== Required work ==
Please repeat every entry exactly as given, apart from dropping the images.

=== Data to process ===

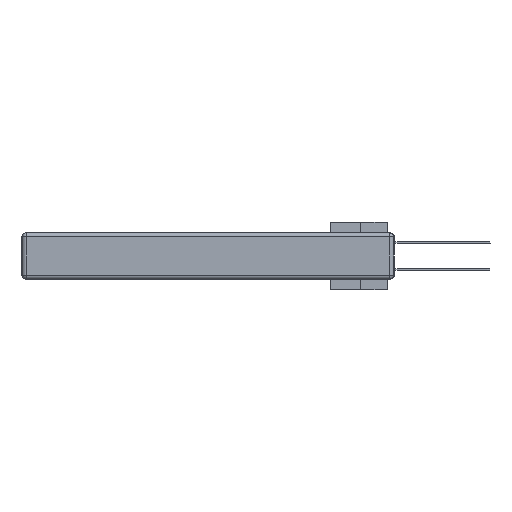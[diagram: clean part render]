
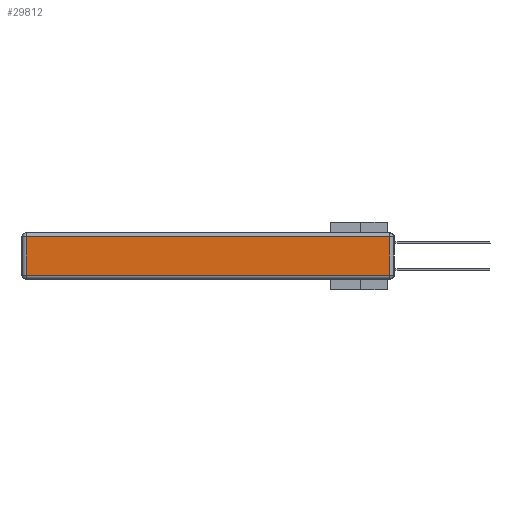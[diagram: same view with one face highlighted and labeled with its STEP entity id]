
A CAD part, left-side view. The second image highlights one B-rep face of the part: STEP entity #29812.
In plain terms, the highlighted planar face has unit normal (-1, 0, 0).
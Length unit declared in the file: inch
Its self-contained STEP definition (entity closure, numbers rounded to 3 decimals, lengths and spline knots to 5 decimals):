
#463 = EDGE_CURVE ( 'NONE', #6368, #3979, #712, .T. ) ;
#712 = LINE ( 'NONE', #10506, #29770 ) ;
#1419 = CARTESIAN_POINT ( 'NONE',  ( 0., 0., -0.343 ) ) ;
#2100 = ORIENTED_EDGE ( 'NONE', *, *, #6414, .T. ) ;
#2230 = VECTOR ( 'NONE', #19994, 39.37008 ) ;
#2568 = CARTESIAN_POINT ( 'NONE',  ( 0., 2.72, -0.313 ) ) ;
#3046 = ORIENTED_EDGE ( 'NONE', *, *, #4299, .T. ) ;
#3204 = LINE ( 'NONE', #25872, #2230 ) ;
#3979 = VERTEX_POINT ( 'NONE', #14010 ) ;
#4135 = EDGE_CURVE ( 'NONE', #26157, #6368, #22167, .T. ) ;
#4299 = EDGE_CURVE ( 'NONE', #22614, #26157, #20072, .T. ) ;
#5518 = CARTESIAN_POINT ( 'NONE',  ( 0., 2.72, -0.343 ) ) ;
#6368 = VERTEX_POINT ( 'NONE', #31409 ) ;
#6414 = EDGE_CURVE ( 'NONE', #3979, #22614, #3204, .T. ) ;
#10506 = CARTESIAN_POINT ( 'NONE',  ( 0., 0.03, -0.343 ) ) ;
#13040 = DIRECTION ( 'NONE',  ( 0., 0., -1. ) ) ;
#14010 = CARTESIAN_POINT ( 'NONE',  ( 0., 0.03, -0.03 ) ) ;
#14467 = EDGE_LOOP ( 'NONE', ( #27643, #15263, #2100, #3046 ) ) ;
#15263 = ORIENTED_EDGE ( 'NONE', *, *, #463, .T. ) ;
#15517 = PLANE ( 'NONE',  #28540 ) ;
#15988 = DIRECTION ( 'NONE',  ( -1., 0., 0. ) ) ;
#17338 = CARTESIAN_POINT ( 'NONE',  ( 0., 0., -0.313 ) ) ;
#18058 = DIRECTION ( 'NONE',  ( 0., 0., 1. ) ) ;
#19157 = VECTOR ( 'NONE', #13040, 39.37008 ) ;
#19994 = DIRECTION ( 'NONE',  ( 0., 1., 0. ) ) ;
#20072 = LINE ( 'NONE', #5518, #19157 ) ;
#21690 = DIRECTION ( 'NONE',  ( 0., -1., 0. ) ) ;
#22167 = LINE ( 'NONE', #17338, #23786 ) ;
#22614 = VERTEX_POINT ( 'NONE', #26637 ) ;
#23028 = FACE_OUTER_BOUND ( 'NONE', #14467, .T. ) ;
#23786 = VECTOR ( 'NONE', #21690, 39.37008 ) ;
#25872 = CARTESIAN_POINT ( 'NONE',  ( 0., 2.75, -0.03 ) ) ;
#26157 = VERTEX_POINT ( 'NONE', #2568 ) ;
#26637 = CARTESIAN_POINT ( 'NONE',  ( 0., 2.72, -0.03 ) ) ;
#27643 = ORIENTED_EDGE ( 'NONE', *, *, #4135, .T. ) ;
#28540 = AXIS2_PLACEMENT_3D ( 'NONE', #1419, #15988, #18058 ) ;
#29770 = VECTOR ( 'NONE', #30042, 39.37008 ) ;
#29812 = ADVANCED_FACE ( 'NONE', ( #23028 ), #15517, .T. ) ;
#30042 = DIRECTION ( 'NONE',  ( 0., 0., 1. ) ) ;
#31409 = CARTESIAN_POINT ( 'NONE',  ( 0., 0.03, -0.313 ) ) ;
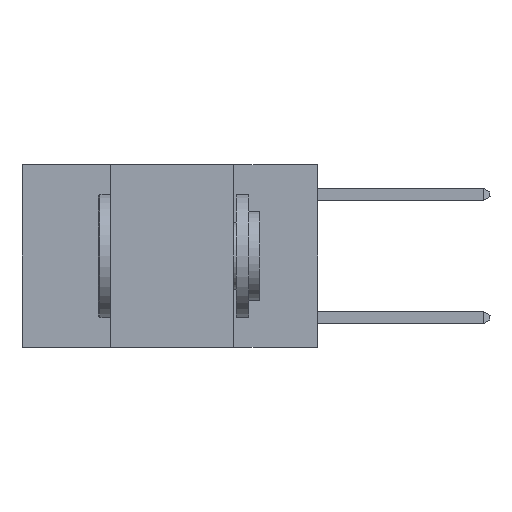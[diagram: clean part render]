
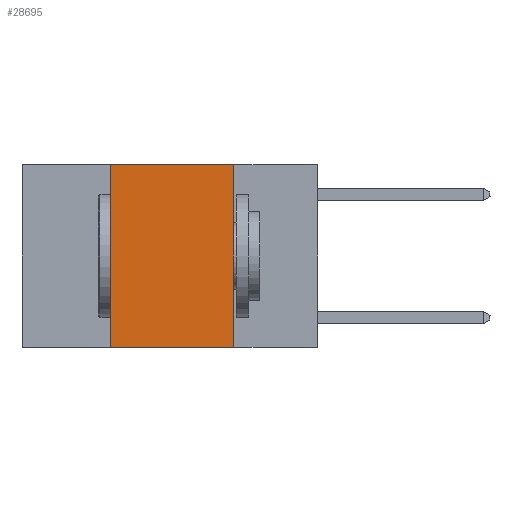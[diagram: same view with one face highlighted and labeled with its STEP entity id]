
A CAD part, left-side view. The second image highlights one B-rep face of the part: STEP entity #28695.
In plain terms, the highlighted planar face has unit normal (-1, 0, 0).
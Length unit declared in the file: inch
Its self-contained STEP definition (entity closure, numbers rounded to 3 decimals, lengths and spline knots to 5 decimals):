
#393 = VECTOR ( 'NONE', #13588, 39.37008 ) ;
#501 = CARTESIAN_POINT ( 'NONE',  ( 0., 0.6, 0. ) ) ;
#1556 = AXIS2_PLACEMENT_3D ( 'NONE', #501, #19908, #5411 ) ;
#2412 = DIRECTION ( 'NONE',  ( 0., 0., 1. ) ) ;
#2944 = PLANE ( 'NONE',  #1556 ) ;
#4290 = CARTESIAN_POINT ( 'NONE',  ( 0., 0.42, -0.37 ) ) ;
#5411 = DIRECTION ( 'NONE',  ( 0., 0., -1. ) ) ;
#6277 = CARTESIAN_POINT ( 'NONE',  ( 0., 0.17, -0.37 ) ) ;
#6340 = CARTESIAN_POINT ( 'NONE',  ( 0., 0.6, -0.37 ) ) ;
#6404 = VECTOR ( 'NONE', #16123, 39.37008 ) ;
#7580 = DIRECTION ( 'NONE',  ( 0., 0., -1. ) ) ;
#7650 = LINE ( 'NONE', #23126, #393 ) ;
#9150 = EDGE_CURVE ( 'NONE', #19517, #9371, #28297, .T. ) ;
#9371 = VERTEX_POINT ( 'NONE', #27245 ) ;
#13588 = DIRECTION ( 'NONE',  ( 0., -1., 0. ) ) ;
#13779 = EDGE_CURVE ( 'NONE', #9371, #18852, #7650, .T. ) ;
#14437 = VECTOR ( 'NONE', #7580, 39.37008 ) ;
#14987 = ORIENTED_EDGE ( 'NONE', *, *, #25592, .F. ) ;
#16123 = DIRECTION ( 'NONE',  ( 0., -1., 0. ) ) ;
#18326 = FACE_OUTER_BOUND ( 'NONE', #19719, .T. ) ;
#18852 = VERTEX_POINT ( 'NONE', #19067 ) ;
#19067 = CARTESIAN_POINT ( 'NONE',  ( 0., 0.17, 0. ) ) ;
#19517 = VERTEX_POINT ( 'NONE', #4290 ) ;
#19719 = EDGE_LOOP ( 'NONE', ( #14987, #20641, #27813, #23612 ) ) ;
#19908 = DIRECTION ( 'NONE',  ( 1., 0., 0. ) ) ;
#20641 = ORIENTED_EDGE ( 'NONE', *, *, #13779, .F. ) ;
#20772 = EDGE_CURVE ( 'NONE', #19517, #22056, #21484, .T. ) ;
#21484 = LINE ( 'NONE', #6340, #6404 ) ;
#21877 = VECTOR ( 'NONE', #2412, 39.37008 ) ;
#22056 = VERTEX_POINT ( 'NONE', #6277 ) ;
#23126 = CARTESIAN_POINT ( 'NONE',  ( 0., 0.6, 0. ) ) ;
#23612 = ORIENTED_EDGE ( 'NONE', *, *, #20772, .T. ) ;
#24061 = CARTESIAN_POINT ( 'NONE',  ( 0., 0.42, 0. ) ) ;
#24343 = CARTESIAN_POINT ( 'NONE',  ( 0., 0.17, 0. ) ) ;
#25592 = EDGE_CURVE ( 'NONE', #18852, #22056, #27998, .T. ) ;
#27245 = CARTESIAN_POINT ( 'NONE',  ( 0., 0.42, 0. ) ) ;
#27813 = ORIENTED_EDGE ( 'NONE', *, *, #9150, .F. ) ;
#27998 = LINE ( 'NONE', #24343, #14437 ) ;
#28297 = LINE ( 'NONE', #24061, #21877 ) ;
#28695 = ADVANCED_FACE ( 'NONE', ( #18326 ), #2944, .F. ) ;

===

== Expected output ==
[diagram: clean part render]
[diagram: same view with one face highlighted and labeled with its STEP entity id]
A CAD part, left-side view. The second image highlights one B-rep face of the part: STEP entity #29812.
In plain terms, the highlighted planar face has unit normal (-1, 0, 0).
Length unit declared in the file: inch
Its self-contained STEP definition (entity closure, numbers rounded to 3 decimals, lengths and spline knots to 5 decimals):
#463 = EDGE_CURVE ( 'NONE', #6368, #3979, #712, .T. ) ;
#712 = LINE ( 'NONE', #10506, #29770 ) ;
#1419 = CARTESIAN_POINT ( 'NONE',  ( 0., 0., -0.343 ) ) ;
#2100 = ORIENTED_EDGE ( 'NONE', *, *, #6414, .T. ) ;
#2230 = VECTOR ( 'NONE', #19994, 39.37008 ) ;
#2568 = CARTESIAN_POINT ( 'NONE',  ( 0., 2.72, -0.313 ) ) ;
#3046 = ORIENTED_EDGE ( 'NONE', *, *, #4299, .T. ) ;
#3204 = LINE ( 'NONE', #25872, #2230 ) ;
#3979 = VERTEX_POINT ( 'NONE', #14010 ) ;
#4135 = EDGE_CURVE ( 'NONE', #26157, #6368, #22167, .T. ) ;
#4299 = EDGE_CURVE ( 'NONE', #22614, #26157, #20072, .T. ) ;
#5518 = CARTESIAN_POINT ( 'NONE',  ( 0., 2.72, -0.343 ) ) ;
#6368 = VERTEX_POINT ( 'NONE', #31409 ) ;
#6414 = EDGE_CURVE ( 'NONE', #3979, #22614, #3204, .T. ) ;
#10506 = CARTESIAN_POINT ( 'NONE',  ( 0., 0.03, -0.343 ) ) ;
#13040 = DIRECTION ( 'NONE',  ( 0., 0., -1. ) ) ;
#14010 = CARTESIAN_POINT ( 'NONE',  ( 0., 0.03, -0.03 ) ) ;
#14467 = EDGE_LOOP ( 'NONE', ( #27643, #15263, #2100, #3046 ) ) ;
#15263 = ORIENTED_EDGE ( 'NONE', *, *, #463, .T. ) ;
#15517 = PLANE ( 'NONE',  #28540 ) ;
#15988 = DIRECTION ( 'NONE',  ( -1., 0., 0. ) ) ;
#17338 = CARTESIAN_POINT ( 'NONE',  ( 0., 0., -0.313 ) ) ;
#18058 = DIRECTION ( 'NONE',  ( 0., 0., 1. ) ) ;
#19157 = VECTOR ( 'NONE', #13040, 39.37008 ) ;
#19994 = DIRECTION ( 'NONE',  ( 0., 1., 0. ) ) ;
#20072 = LINE ( 'NONE', #5518, #19157 ) ;
#21690 = DIRECTION ( 'NONE',  ( 0., -1., 0. ) ) ;
#22167 = LINE ( 'NONE', #17338, #23786 ) ;
#22614 = VERTEX_POINT ( 'NONE', #26637 ) ;
#23028 = FACE_OUTER_BOUND ( 'NONE', #14467, .T. ) ;
#23786 = VECTOR ( 'NONE', #21690, 39.37008 ) ;
#25872 = CARTESIAN_POINT ( 'NONE',  ( 0., 2.75, -0.03 ) ) ;
#26157 = VERTEX_POINT ( 'NONE', #2568 ) ;
#26637 = CARTESIAN_POINT ( 'NONE',  ( 0., 2.72, -0.03 ) ) ;
#27643 = ORIENTED_EDGE ( 'NONE', *, *, #4135, .T. ) ;
#28540 = AXIS2_PLACEMENT_3D ( 'NONE', #1419, #15988, #18058 ) ;
#29770 = VECTOR ( 'NONE', #30042, 39.37008 ) ;
#29812 = ADVANCED_FACE ( 'NONE', ( #23028 ), #15517, .T. ) ;
#30042 = DIRECTION ( 'NONE',  ( 0., 0., 1. ) ) ;
#31409 = CARTESIAN_POINT ( 'NONE',  ( 0., 0.03, -0.313 ) ) ;
[diagram: clean part render]
[diagram: same view with one face highlighted and labeled with its STEP entity id]
A CAD part, left-side view. The second image highlights one B-rep face of the part: STEP entity #28695.
In plain terms, the highlighted planar face has unit normal (-1, 0, 0).
Length unit declared in the file: inch
Its self-contained STEP definition (entity closure, numbers rounded to 3 decimals, lengths and spline knots to 5 decimals):
#393 = VECTOR ( 'NONE', #13588, 39.37008 ) ;
#501 = CARTESIAN_POINT ( 'NONE',  ( 0., 0.6, 0. ) ) ;
#1556 = AXIS2_PLACEMENT_3D ( 'NONE', #501, #19908, #5411 ) ;
#2412 = DIRECTION ( 'NONE',  ( 0., 0., 1. ) ) ;
#2944 = PLANE ( 'NONE',  #1556 ) ;
#4290 = CARTESIAN_POINT ( 'NONE',  ( 0., 0.42, -0.37 ) ) ;
#5411 = DIRECTION ( 'NONE',  ( 0., 0., -1. ) ) ;
#6277 = CARTESIAN_POINT ( 'NONE',  ( 0., 0.17, -0.37 ) ) ;
#6340 = CARTESIAN_POINT ( 'NONE',  ( 0., 0.6, -0.37 ) ) ;
#6404 = VECTOR ( 'NONE', #16123, 39.37008 ) ;
#7580 = DIRECTION ( 'NONE',  ( 0., 0., -1. ) ) ;
#7650 = LINE ( 'NONE', #23126, #393 ) ;
#9150 = EDGE_CURVE ( 'NONE', #19517, #9371, #28297, .T. ) ;
#9371 = VERTEX_POINT ( 'NONE', #27245 ) ;
#13588 = DIRECTION ( 'NONE',  ( 0., -1., 0. ) ) ;
#13779 = EDGE_CURVE ( 'NONE', #9371, #18852, #7650, .T. ) ;
#14437 = VECTOR ( 'NONE', #7580, 39.37008 ) ;
#14987 = ORIENTED_EDGE ( 'NONE', *, *, #25592, .F. ) ;
#16123 = DIRECTION ( 'NONE',  ( 0., -1., 0. ) ) ;
#18326 = FACE_OUTER_BOUND ( 'NONE', #19719, .T. ) ;
#18852 = VERTEX_POINT ( 'NONE', #19067 ) ;
#19067 = CARTESIAN_POINT ( 'NONE',  ( 0., 0.17, 0. ) ) ;
#19517 = VERTEX_POINT ( 'NONE', #4290 ) ;
#19719 = EDGE_LOOP ( 'NONE', ( #14987, #20641, #27813, #23612 ) ) ;
#19908 = DIRECTION ( 'NONE',  ( 1., 0., 0. ) ) ;
#20641 = ORIENTED_EDGE ( 'NONE', *, *, #13779, .F. ) ;
#20772 = EDGE_CURVE ( 'NONE', #19517, #22056, #21484, .T. ) ;
#21484 = LINE ( 'NONE', #6340, #6404 ) ;
#21877 = VECTOR ( 'NONE', #2412, 39.37008 ) ;
#22056 = VERTEX_POINT ( 'NONE', #6277 ) ;
#23126 = CARTESIAN_POINT ( 'NONE',  ( 0., 0.6, 0. ) ) ;
#23612 = ORIENTED_EDGE ( 'NONE', *, *, #20772, .T. ) ;
#24061 = CARTESIAN_POINT ( 'NONE',  ( 0., 0.42, 0. ) ) ;
#24343 = CARTESIAN_POINT ( 'NONE',  ( 0., 0.17, 0. ) ) ;
#25592 = EDGE_CURVE ( 'NONE', #18852, #22056, #27998, .T. ) ;
#27245 = CARTESIAN_POINT ( 'NONE',  ( 0., 0.42, 0. ) ) ;
#27813 = ORIENTED_EDGE ( 'NONE', *, *, #9150, .F. ) ;
#27998 = LINE ( 'NONE', #24343, #14437 ) ;
#28297 = LINE ( 'NONE', #24061, #21877 ) ;
#28695 = ADVANCED_FACE ( 'NONE', ( #18326 ), #2944, .F. ) ;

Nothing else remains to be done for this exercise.